# WHAT TO WORK ON
From the first line of the data below through the line holding "#8=PRODUCT_DEFINITION('design','',#6,#7);", output each line exactly and leave the pictures out.

Extracted records
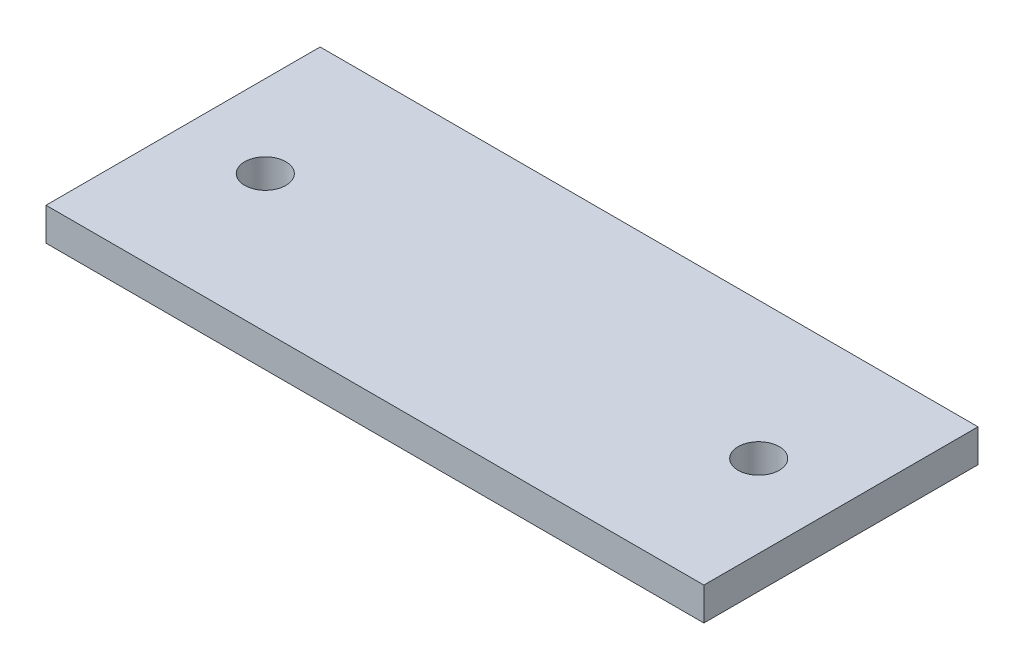
ISO-10303-21;
HEADER;
FILE_DESCRIPTION(('STEP AP214'),'2;1');
FILE_NAME('part.step','',(''),(''),'','','');
FILE_SCHEMA(('AUTOMOTIVE_DESIGN { 1 0 10303 214 1 1 1 1 }'));
ENDSEC;
DATA;
#1=APPLICATION_CONTEXT('core data for automotive mechanical design processes');
#2=APPLICATION_PROTOCOL_DEFINITION('international standard','automotive_design',2000,#1);
#3=PRODUCT_CONTEXT('',#1,'mechanical');
#4=PRODUCT('Part','Part','',(#3));
#5=PRODUCT_RELATED_PRODUCT_CATEGORY('part','',(#4));
#6=PRODUCT_DEFINITION_FORMATION('','',#4);
#7=PRODUCT_DEFINITION_CONTEXT('part definition',#1,'design');
#8=PRODUCT_DEFINITION('design','',#6,#7);
#9=PRODUCT_DEFINITION_SHAPE('','',#8);
#10=(LENGTH_UNIT() NAMED_UNIT(*) SI_UNIT(.MILLI.,.METRE.));
#11=(NAMED_UNIT(*) PLANE_ANGLE_UNIT() SI_UNIT($,.RADIAN.));
#12=(NAMED_UNIT(*) SI_UNIT($,.STERADIAN.) SOLID_ANGLE_UNIT());
#13=UNCERTAINTY_MEASURE_WITH_UNIT(LENGTH_MEASURE(1.E-05),#10,'distance_accuracy_value','');
#14=(GEOMETRIC_REPRESENTATION_CONTEXT(3) GLOBAL_UNCERTAINTY_ASSIGNED_CONTEXT((#13)) GLOBAL_UNIT_ASSIGNED_CONTEXT((#10,
#11,#12)) REPRESENTATION_CONTEXT('',''));
#15=CARTESIAN_POINT('',(0.,0.,0.));
#16=DIRECTION('',(0.,0.,1.));
#17=DIRECTION('',(1.,0.,0.));
#18=AXIS2_PLACEMENT_3D('',#15,#16,#17);
#19=CARTESIAN_POINT('',(0.,15.24,0.));
#20=DIRECTION('',(0.,1.,0.));
#21=DIRECTION('',(0.,0.,1.));
#22=AXIS2_PLACEMENT_3D('',#19,#20,#21);
#23=PLANE('',#22);
#24=CARTESIAN_POINT('',(38.1,15.24,63.5));
#25=DIRECTION('',(0.,1.,0.));
#26=DIRECTION('',(0.,0.,1.));
#27=AXIS2_PLACEMENT_3D('',#24,#25,#26);
#28=CIRCLE('',#27,9.525);
#29=CARTESIAN_POINT('',(38.1,15.24,53.975));
#30=VERTEX_POINT('',#29);
#31=EDGE_CURVE('E108',#30,#30,#28,.T.);
#32=ORIENTED_EDGE('',*,*,#31,.F.);
#33=EDGE_LOOP('',(#32));
#34=FACE_BOUND('',#33,.T.);
#35=DIRECTION('',(0.,0.,1.));
#36=VECTOR('',#35,1.);
#37=CARTESIAN_POINT('',(0.,15.24,0.));
#38=LINE('',#37,#36);
#39=CARTESIAN_POINT('',(0.,15.24,0.));
#40=VERTEX_POINT('',#39);
#41=CARTESIAN_POINT('',(0.,15.24,127.));
#42=VERTEX_POINT('',#41);
#43=EDGE_CURVE('E93',#40,#42,#38,.T.);
#44=ORIENTED_EDGE('',*,*,#43,.T.);
#45=DIRECTION('',(1.,0.,0.));
#46=VECTOR('',#45,1.);
#47=CARTESIAN_POINT('',(0.,15.24,127.));
#48=LINE('',#47,#46);
#49=CARTESIAN_POINT('',(304.8,15.24,127.));
#50=VERTEX_POINT('',#49);
#51=EDGE_CURVE('E88',#42,#50,#48,.T.);
#52=ORIENTED_EDGE('',*,*,#51,.T.);
#53=DIRECTION('',(0.,0.,-1.));
#54=VECTOR('',#53,1.);
#55=CARTESIAN_POINT('',(304.8,15.24,0.));
#56=LINE('',#55,#54);
#57=CARTESIAN_POINT('',(304.8,15.24,0.));
#58=VERTEX_POINT('',#57);
#59=EDGE_CURVE('E91',#50,#58,#56,.T.);
#60=ORIENTED_EDGE('',*,*,#59,.T.);
#61=DIRECTION('',(-1.,0.,0.));
#62=VECTOR('',#61,1.);
#63=CARTESIAN_POINT('',(0.,15.24,0.));
#64=LINE('',#63,#62);
#65=EDGE_CURVE('E58',#58,#40,#64,.T.);
#66=ORIENTED_EDGE('',*,*,#65,.T.);
#67=EDGE_LOOP('',(#44,#52,#60,#66));
#68=FACE_BOUND('',#67,.T.);
#69=CARTESIAN_POINT('',(266.7,15.24,63.5));
#70=DIRECTION('',(0.,1.,0.));
#71=DIRECTION('',(0.,0.,1.));
#72=AXIS2_PLACEMENT_3D('',#69,#70,#71);
#73=CIRCLE('',#72,9.52500000000002);
#74=CARTESIAN_POINT('',(266.7,15.24,53.975));
#75=VERTEX_POINT('',#74);
#76=EDGE_CURVE('E123',#75,#75,#73,.T.);
#77=ORIENTED_EDGE('',*,*,#76,.F.);
#78=EDGE_LOOP('',(#77));
#79=FACE_BOUND('',#78,.T.);
#80=ADVANCED_FACE('F41',(#34,#68,#79),#23,.T.);
#81=CARTESIAN_POINT('',(0.,0.,0.));
#82=DIRECTION('',(0.,1.,0.));
#83=DIRECTION('',(0.,0.,1.));
#84=AXIS2_PLACEMENT_3D('',#81,#82,#83);
#85=PLANE('',#84);
#86=DIRECTION('',(0.,0.,1.));
#87=VECTOR('',#86,1.);
#88=CARTESIAN_POINT('',(0.,0.,0.));
#89=LINE('',#88,#87);
#90=CARTESIAN_POINT('',(0.,0.,0.));
#91=VERTEX_POINT('',#90);
#92=CARTESIAN_POINT('',(0.,0.,127.));
#93=VERTEX_POINT('',#92);
#94=EDGE_CURVE('E105',#91,#93,#89,.T.);
#95=ORIENTED_EDGE('',*,*,#94,.F.);
#96=DIRECTION('',(-1.,0.,0.));
#97=VECTOR('',#96,1.);
#98=CARTESIAN_POINT('',(0.,0.,0.));
#99=LINE('',#98,#97);
#100=CARTESIAN_POINT('',(304.8,0.,0.));
#101=VERTEX_POINT('',#100);
#102=EDGE_CURVE('E81',#101,#91,#99,.T.);
#103=ORIENTED_EDGE('',*,*,#102,.F.);
#104=DIRECTION('',(0.,0.,-1.));
#105=VECTOR('',#104,1.);
#106=CARTESIAN_POINT('',(304.8,0.,0.));
#107=LINE('',#106,#105);
#108=CARTESIAN_POINT('',(304.8,0.,127.));
#109=VERTEX_POINT('',#108);
#110=EDGE_CURVE('E75',#109,#101,#107,.T.);
#111=ORIENTED_EDGE('',*,*,#110,.F.);
#112=DIRECTION('',(1.,0.,0.));
#113=VECTOR('',#112,1.);
#114=CARTESIAN_POINT('',(0.,0.,127.));
#115=LINE('',#114,#113);
#116=EDGE_CURVE('E97',#93,#109,#115,.T.);
#117=ORIENTED_EDGE('',*,*,#116,.F.);
#118=EDGE_LOOP('',(#95,#103,#111,#117));
#119=FACE_BOUND('',#118,.T.);
#120=CARTESIAN_POINT('',(38.1,0.,63.5));
#121=DIRECTION('',(0.,1.,0.));
#122=DIRECTION('',(0.,0.,1.));
#123=AXIS2_PLACEMENT_3D('',#120,#121,#122);
#124=CIRCLE('',#123,9.525);
#125=CARTESIAN_POINT('',(38.1,0.,53.975));
#126=VERTEX_POINT('',#125);
#127=EDGE_CURVE('E120',#126,#126,#124,.T.);
#128=ORIENTED_EDGE('',*,*,#127,.T.);
#129=EDGE_LOOP('',(#128));
#130=FACE_BOUND('',#129,.T.);
#131=CARTESIAN_POINT('',(266.7,0.,63.5));
#132=DIRECTION('',(0.,1.,0.));
#133=DIRECTION('',(0.,0.,1.));
#134=AXIS2_PLACEMENT_3D('',#131,#132,#133);
#135=CIRCLE('',#134,9.52500000000002);
#136=CARTESIAN_POINT('',(266.7,0.,53.975));
#137=VERTEX_POINT('',#136);
#138=EDGE_CURVE('E126',#137,#137,#135,.T.);
#139=ORIENTED_EDGE('',*,*,#138,.T.);
#140=EDGE_LOOP('',(#139));
#141=FACE_BOUND('',#140,.T.);
#142=ADVANCED_FACE('F116',(#119,#130,#141),#85,.F.);
#143=CARTESIAN_POINT('',(0.,15.24,0.));
#144=DIRECTION('',(1.,0.,0.));
#145=DIRECTION('',(0.,0.,-1.));
#146=AXIS2_PLACEMENT_3D('',#143,#144,#145);
#147=PLANE('',#146);
#148=ORIENTED_EDGE('',*,*,#94,.T.);
#149=DIRECTION('',(0.,-1.,0.));
#150=VECTOR('',#149,1.);
#151=CARTESIAN_POINT('',(0.,15.24,127.));
#152=LINE('',#151,#150);
#153=EDGE_CURVE('E11',#42,#93,#152,.T.);
#154=ORIENTED_EDGE('',*,*,#153,.F.);
#155=ORIENTED_EDGE('',*,*,#43,.F.);
#156=DIRECTION('',(0.,-1.,0.));
#157=VECTOR('',#156,1.);
#158=CARTESIAN_POINT('',(0.,15.24,0.));
#159=LINE('',#158,#157);
#160=EDGE_CURVE('E101',#40,#91,#159,.T.);
#161=ORIENTED_EDGE('',*,*,#160,.T.);
#162=EDGE_LOOP('',(#148,#154,#155,#161));
#163=FACE_BOUND('',#162,.T.);
#164=ADVANCED_FACE('F43',(#163),#147,.F.);
#165=CARTESIAN_POINT('',(0.,15.24,127.));
#166=DIRECTION('',(0.,0.,-1.));
#167=DIRECTION('',(-1.,0.,0.));
#168=AXIS2_PLACEMENT_3D('',#165,#166,#167);
#169=PLANE('',#168);
#170=ORIENTED_EDGE('',*,*,#116,.T.);
#171=DIRECTION('',(0.,-1.,0.));
#172=VECTOR('',#171,1.);
#173=CARTESIAN_POINT('',(304.8,15.24,127.));
#174=LINE('',#173,#172);
#175=EDGE_CURVE('E50',#50,#109,#174,.T.);
#176=ORIENTED_EDGE('',*,*,#175,.F.);
#177=ORIENTED_EDGE('',*,*,#51,.F.);
#178=ORIENTED_EDGE('',*,*,#153,.T.);
#179=EDGE_LOOP('',(#170,#176,#177,#178));
#180=FACE_BOUND('',#179,.T.);
#181=ADVANCED_FACE('F96',(#180),#169,.F.);
#182=CARTESIAN_POINT('',(304.8,15.24,0.));
#183=DIRECTION('',(-1.,0.,0.));
#184=DIRECTION('',(0.,0.,1.));
#185=AXIS2_PLACEMENT_3D('',#182,#183,#184);
#186=PLANE('',#185);
#187=ORIENTED_EDGE('',*,*,#110,.T.);
#188=DIRECTION('',(0.,-1.,0.));
#189=VECTOR('',#188,1.);
#190=CARTESIAN_POINT('',(304.8,15.24,0.));
#191=LINE('',#190,#189);
#192=EDGE_CURVE('E98',#58,#101,#191,.T.);
#193=ORIENTED_EDGE('',*,*,#192,.F.);
#194=ORIENTED_EDGE('',*,*,#59,.F.);
#195=ORIENTED_EDGE('',*,*,#175,.T.);
#196=EDGE_LOOP('',(#187,#193,#194,#195));
#197=FACE_BOUND('',#196,.T.);
#198=ADVANCED_FACE('F99',(#197),#186,.F.);
#199=CARTESIAN_POINT('',(0.,15.24,0.));
#200=DIRECTION('',(0.,0.,1.));
#201=DIRECTION('',(1.,0.,0.));
#202=AXIS2_PLACEMENT_3D('',#199,#200,#201);
#203=PLANE('',#202);
#204=ORIENTED_EDGE('',*,*,#102,.T.);
#205=ORIENTED_EDGE('',*,*,#160,.F.);
#206=ORIENTED_EDGE('',*,*,#65,.F.);
#207=ORIENTED_EDGE('',*,*,#192,.T.);
#208=EDGE_LOOP('',(#204,#205,#206,#207));
#209=FACE_BOUND('',#208,.T.);
#210=ADVANCED_FACE('F113',(#209),#203,.F.);
#211=CARTESIAN_POINT('',(38.1,15.24,63.5));
#212=DIRECTION('',(0.,-1.,0.));
#213=DIRECTION('',(0.,0.,-1.));
#214=AXIS2_PLACEMENT_3D('',#211,#212,#213);
#215=CYLINDRICAL_SURFACE('',#214,9.525);
#216=CARTESIAN_POINT('',(38.1,15.24,53.975));
#217=CARTESIAN_POINT('',(38.1,15.08125,53.975));
#218=CARTESIAN_POINT('',(38.1,14.9225,53.975));
#219=CARTESIAN_POINT('',(38.1,14.605,53.975));
#220=CARTESIAN_POINT('',(38.1,14.44625,53.975));
#221=CARTESIAN_POINT('',(38.1,14.12875,53.975));
#222=CARTESIAN_POINT('',(38.1,13.97,53.975));
#223=CARTESIAN_POINT('',(38.1,13.6525,53.975));
#224=CARTESIAN_POINT('',(38.1,13.49375,53.975));
#225=CARTESIAN_POINT('',(38.1,13.17625,53.975));
#226=CARTESIAN_POINT('',(38.1,13.0175,53.975));
#227=CARTESIAN_POINT('',(38.1,12.7,53.975));
#228=CARTESIAN_POINT('',(38.1,12.54125,53.975));
#229=CARTESIAN_POINT('',(38.1,12.22375,53.975));
#230=CARTESIAN_POINT('',(38.1,12.065,53.975));
#231=CARTESIAN_POINT('',(38.1,11.7475,53.975));
#232=CARTESIAN_POINT('',(38.1,11.58875,53.975));
#233=CARTESIAN_POINT('',(38.1,11.27125,53.975));
#234=CARTESIAN_POINT('',(38.1,11.1125,53.975));
#235=CARTESIAN_POINT('',(38.1,10.795,53.975));
#236=CARTESIAN_POINT('',(38.1,10.63625,53.975));
#237=CARTESIAN_POINT('',(38.1,10.31875,53.975));
#238=CARTESIAN_POINT('',(38.1,10.16,53.975));
#239=CARTESIAN_POINT('',(38.1,9.8425,53.975));
#240=CARTESIAN_POINT('',(38.1,9.68375,53.975));
#241=CARTESIAN_POINT('',(38.1,9.36625,53.975));
#242=CARTESIAN_POINT('',(38.1,9.2075,53.975));
#243=CARTESIAN_POINT('',(38.1,8.89,53.975));
#244=CARTESIAN_POINT('',(38.1,8.73125,53.975));
#245=CARTESIAN_POINT('',(38.1,8.41375,53.975));
#246=CARTESIAN_POINT('',(38.1,8.255,53.975));
#247=CARTESIAN_POINT('',(38.1,7.9375,53.975));
#248=CARTESIAN_POINT('',(38.1,7.77875,53.975));
#249=CARTESIAN_POINT('',(38.1,7.46125,53.975));
#250=CARTESIAN_POINT('',(38.1,7.3025,53.975));
#251=CARTESIAN_POINT('',(38.1,6.985,53.975));
#252=CARTESIAN_POINT('',(38.1,6.82625,53.975));
#253=CARTESIAN_POINT('',(38.1,6.50875,53.975));
#254=CARTESIAN_POINT('',(38.1,6.35,53.975));
#255=CARTESIAN_POINT('',(38.1,6.0325,53.975));
#256=CARTESIAN_POINT('',(38.1,5.87375,53.975));
#257=CARTESIAN_POINT('',(38.1,5.55625,53.975));
#258=CARTESIAN_POINT('',(38.1,5.3975,53.975));
#259=CARTESIAN_POINT('',(38.1,5.08,53.975));
#260=CARTESIAN_POINT('',(38.1,4.92125,53.975));
#261=CARTESIAN_POINT('',(38.1,4.60375,53.975));
#262=CARTESIAN_POINT('',(38.1,4.445,53.975));
#263=CARTESIAN_POINT('',(38.1,4.1275,53.975));
#264=CARTESIAN_POINT('',(38.1,3.96875,53.975));
#265=CARTESIAN_POINT('',(38.1,3.65125,53.975));
#266=CARTESIAN_POINT('',(38.1,3.4925,53.975));
#267=CARTESIAN_POINT('',(38.1,3.175,53.975));
#268=CARTESIAN_POINT('',(38.1,3.01625,53.975));
#269=CARTESIAN_POINT('',(38.1,2.69875,53.975));
#270=CARTESIAN_POINT('',(38.1,2.54,53.975));
#271=CARTESIAN_POINT('',(38.1,2.2225,53.975));
#272=CARTESIAN_POINT('',(38.1,2.06375,53.975));
#273=CARTESIAN_POINT('',(38.1,1.74625,53.975));
#274=CARTESIAN_POINT('',(38.1,1.5875,53.975));
#275=CARTESIAN_POINT('',(38.1,1.27,53.975));
#276=CARTESIAN_POINT('',(38.1,1.11125,53.975));
#277=CARTESIAN_POINT('',(38.1,0.79375,53.975));
#278=CARTESIAN_POINT('',(38.1,0.634999999999999,53.975));
#279=CARTESIAN_POINT('',(38.1,0.3175,53.975));
#280=CARTESIAN_POINT('',(38.1,0.15875,53.975));
#281=CARTESIAN_POINT('',(38.1,0.,53.975));
#282=B_SPLINE_CURVE_WITH_KNOTS('',3,(#216,#217,#218,#219,#220,#221,#222,#223,#224,#225,#226,
#227,#228,#229,#230,#231,#232,#233,#234,#235,#236,#237,#238,#239,#240,#241,#242,#243,#244,#245,
#246,#247,#248,#249,#250,#251,#252,#253,#254,#255,#256,#257,#258,#259,#260,#261,#262,#263,#264,
#265,#266,#267,#268,#269,#270,#271,#272,#273,#274,#275,#276,#277,#278,#279,#280,#281),
.UNSPECIFIED.,.F.,.F.,(4,2,2,2,2,2,2,2,2,2,2,2,2,2,2,2,2,2,2,2,2,2,2,2,2,2,2,2,2,2,2,2,4),(0.,
0.476249999999999,0.952499999999998,1.42875,1.905,2.38125,2.8575,3.33375,3.81,4.28625,4.7625,
5.23875,5.715,6.19125,6.6675,7.14375,7.62,8.09625,8.5725,9.04875,9.525,10.00125,10.4775,
10.95375,11.43,11.90625,12.3825,12.85875,13.335,13.81125,14.2875,14.76375,15.24),.UNSPECIFIED.);
#283=EDGE_CURVE('BSEAM143',#30,#126,#282,.T.);
#284=ORIENTED_EDGE('',*,*,#31,.T.);
#285=ORIENTED_EDGE('',*,*,#127,.F.);
#286=ORIENTED_EDGE('',*,*,#283,.T.);
#287=ORIENTED_EDGE('',*,*,#283,.F.);
#288=EDGE_LOOP('',(#284,#286,#285,#287));
#289=FACE_BOUND('',#288,.T.);
#290=ADVANCED_FACE('F143',(#289),#215,.F.);
#291=CARTESIAN_POINT('',(266.7,15.24,63.5));
#292=DIRECTION('',(0.,-1.,0.));
#293=DIRECTION('',(0.,0.,-1.));
#294=AXIS2_PLACEMENT_3D('',#291,#292,#293);
#295=CYLINDRICAL_SURFACE('',#294,9.52500000000002);
#296=CARTESIAN_POINT('',(266.7,15.24,53.975));
#297=CARTESIAN_POINT('',(266.7,15.08125,53.975));
#298=CARTESIAN_POINT('',(266.7,14.9225,53.975));
#299=CARTESIAN_POINT('',(266.7,14.605,53.975));
#300=CARTESIAN_POINT('',(266.7,14.44625,53.975));
#301=CARTESIAN_POINT('',(266.7,14.12875,53.975));
#302=CARTESIAN_POINT('',(266.7,13.97,53.975));
#303=CARTESIAN_POINT('',(266.7,13.6525,53.975));
#304=CARTESIAN_POINT('',(266.7,13.49375,53.975));
#305=CARTESIAN_POINT('',(266.7,13.17625,53.975));
#306=CARTESIAN_POINT('',(266.7,13.0175,53.975));
#307=CARTESIAN_POINT('',(266.7,12.7,53.975));
#308=CARTESIAN_POINT('',(266.7,12.54125,53.975));
#309=CARTESIAN_POINT('',(266.7,12.22375,53.975));
#310=CARTESIAN_POINT('',(266.7,12.065,53.975));
#311=CARTESIAN_POINT('',(266.7,11.7475,53.975));
#312=CARTESIAN_POINT('',(266.7,11.58875,53.975));
#313=CARTESIAN_POINT('',(266.7,11.27125,53.975));
#314=CARTESIAN_POINT('',(266.7,11.1125,53.975));
#315=CARTESIAN_POINT('',(266.7,10.795,53.975));
#316=CARTESIAN_POINT('',(266.7,10.63625,53.975));
#317=CARTESIAN_POINT('',(266.7,10.31875,53.975));
#318=CARTESIAN_POINT('',(266.7,10.16,53.975));
#319=CARTESIAN_POINT('',(266.7,9.8425,53.975));
#320=CARTESIAN_POINT('',(266.7,9.68375,53.975));
#321=CARTESIAN_POINT('',(266.7,9.36625,53.975));
#322=CARTESIAN_POINT('',(266.7,9.2075,53.975));
#323=CARTESIAN_POINT('',(266.7,8.89,53.975));
#324=CARTESIAN_POINT('',(266.7,8.73125,53.975));
#325=CARTESIAN_POINT('',(266.7,8.41375,53.975));
#326=CARTESIAN_POINT('',(266.7,8.255,53.975));
#327=CARTESIAN_POINT('',(266.7,7.9375,53.975));
#328=CARTESIAN_POINT('',(266.7,7.77875,53.975));
#329=CARTESIAN_POINT('',(266.7,7.46125,53.975));
#330=CARTESIAN_POINT('',(266.7,7.3025,53.975));
#331=CARTESIAN_POINT('',(266.7,6.985,53.975));
#332=CARTESIAN_POINT('',(266.7,6.82625,53.975));
#333=CARTESIAN_POINT('',(266.7,6.50875,53.975));
#334=CARTESIAN_POINT('',(266.7,6.35,53.975));
#335=CARTESIAN_POINT('',(266.7,6.0325,53.975));
#336=CARTESIAN_POINT('',(266.7,5.87375,53.975));
#337=CARTESIAN_POINT('',(266.7,5.55625,53.975));
#338=CARTESIAN_POINT('',(266.7,5.3975,53.975));
#339=CARTESIAN_POINT('',(266.7,5.08,53.975));
#340=CARTESIAN_POINT('',(266.7,4.92125,53.975));
#341=CARTESIAN_POINT('',(266.7,4.60375,53.975));
#342=CARTESIAN_POINT('',(266.7,4.445,53.975));
#343=CARTESIAN_POINT('',(266.7,4.1275,53.975));
#344=CARTESIAN_POINT('',(266.7,3.96875,53.975));
#345=CARTESIAN_POINT('',(266.7,3.65125,53.975));
#346=CARTESIAN_POINT('',(266.7,3.4925,53.975));
#347=CARTESIAN_POINT('',(266.7,3.175,53.975));
#348=CARTESIAN_POINT('',(266.7,3.01625,53.975));
#349=CARTESIAN_POINT('',(266.7,2.69875,53.975));
#350=CARTESIAN_POINT('',(266.7,2.54,53.975));
#351=CARTESIAN_POINT('',(266.7,2.2225,53.975));
#352=CARTESIAN_POINT('',(266.7,2.06375,53.975));
#353=CARTESIAN_POINT('',(266.7,1.74625,53.975));
#354=CARTESIAN_POINT('',(266.7,1.5875,53.975));
#355=CARTESIAN_POINT('',(266.7,1.27,53.975));
#356=CARTESIAN_POINT('',(266.7,1.11125,53.975));
#357=CARTESIAN_POINT('',(266.7,0.79375,53.975));
#358=CARTESIAN_POINT('',(266.7,0.634999999999999,53.975));
#359=CARTESIAN_POINT('',(266.7,0.3175,53.975));
#360=CARTESIAN_POINT('',(266.7,0.15875,53.975));
#361=CARTESIAN_POINT('',(266.7,0.,53.975));
#362=B_SPLINE_CURVE_WITH_KNOTS('',3,(#296,#297,#298,#299,#300,#301,#302,#303,#304,#305,#306,
#307,#308,#309,#310,#311,#312,#313,#314,#315,#316,#317,#318,#319,#320,#321,#322,#323,#324,#325,
#326,#327,#328,#329,#330,#331,#332,#333,#334,#335,#336,#337,#338,#339,#340,#341,#342,#343,#344,
#345,#346,#347,#348,#349,#350,#351,#352,#353,#354,#355,#356,#357,#358,#359,#360,#361),
.UNSPECIFIED.,.F.,.F.,(4,2,2,2,2,2,2,2,2,2,2,2,2,2,2,2,2,2,2,2,2,2,2,2,2,2,2,2,2,2,2,2,4),(0.,
0.476249999999999,0.952499999999998,1.42875,1.905,2.38125,2.8575,3.33375,3.81,4.28625,4.7625,
5.23875,5.715,6.19125,6.6675,7.14375,7.62,8.09625,8.5725,9.04875,9.525,10.00125,10.4775,
10.95375,11.43,11.90625,12.3825,12.85875,13.335,13.81125,14.2875,14.76375,15.24),.UNSPECIFIED.);
#363=EDGE_CURVE('BSEAM132',#75,#137,#362,.T.);
#364=ORIENTED_EDGE('',*,*,#76,.T.);
#365=ORIENTED_EDGE('',*,*,#138,.F.);
#366=ORIENTED_EDGE('',*,*,#363,.T.);
#367=ORIENTED_EDGE('',*,*,#363,.F.);
#368=EDGE_LOOP('',(#364,#366,#365,#367));
#369=FACE_BOUND('',#368,.T.);
#370=ADVANCED_FACE('F132',(#369),#295,.F.);
#371=CLOSED_SHELL('',(#80,#142,#164,#181,#198,#210,#290,#370));
#372=MANIFOLD_SOLID_BREP('B2',#371);
#373=ADVANCED_BREP_SHAPE_REPRESENTATION('',(#18,#372),#14);
#374=SHAPE_DEFINITION_REPRESENTATION(#9,#373);
ENDSEC;
END-ISO-10303-21;

# SOLUTION
ISO-10303-21;
HEADER;
FILE_DESCRIPTION(('STEP AP214'),'2;1');
FILE_NAME('part.step','',(''),(''),'','','');
FILE_SCHEMA(('AUTOMOTIVE_DESIGN { 1 0 10303 214 1 1 1 1 }'));
ENDSEC;
DATA;
#1=APPLICATION_CONTEXT('core data for automotive mechanical design processes');
#2=APPLICATION_PROTOCOL_DEFINITION('international standard','automotive_design',2000,#1);
#3=PRODUCT_CONTEXT('',#1,'mechanical');
#4=PRODUCT('Part','Part','',(#3));
#5=PRODUCT_RELATED_PRODUCT_CATEGORY('part','',(#4));
#6=PRODUCT_DEFINITION_FORMATION('','',#4);
#7=PRODUCT_DEFINITION_CONTEXT('part definition',#1,'design');
#8=PRODUCT_DEFINITION('design','',#6,#7);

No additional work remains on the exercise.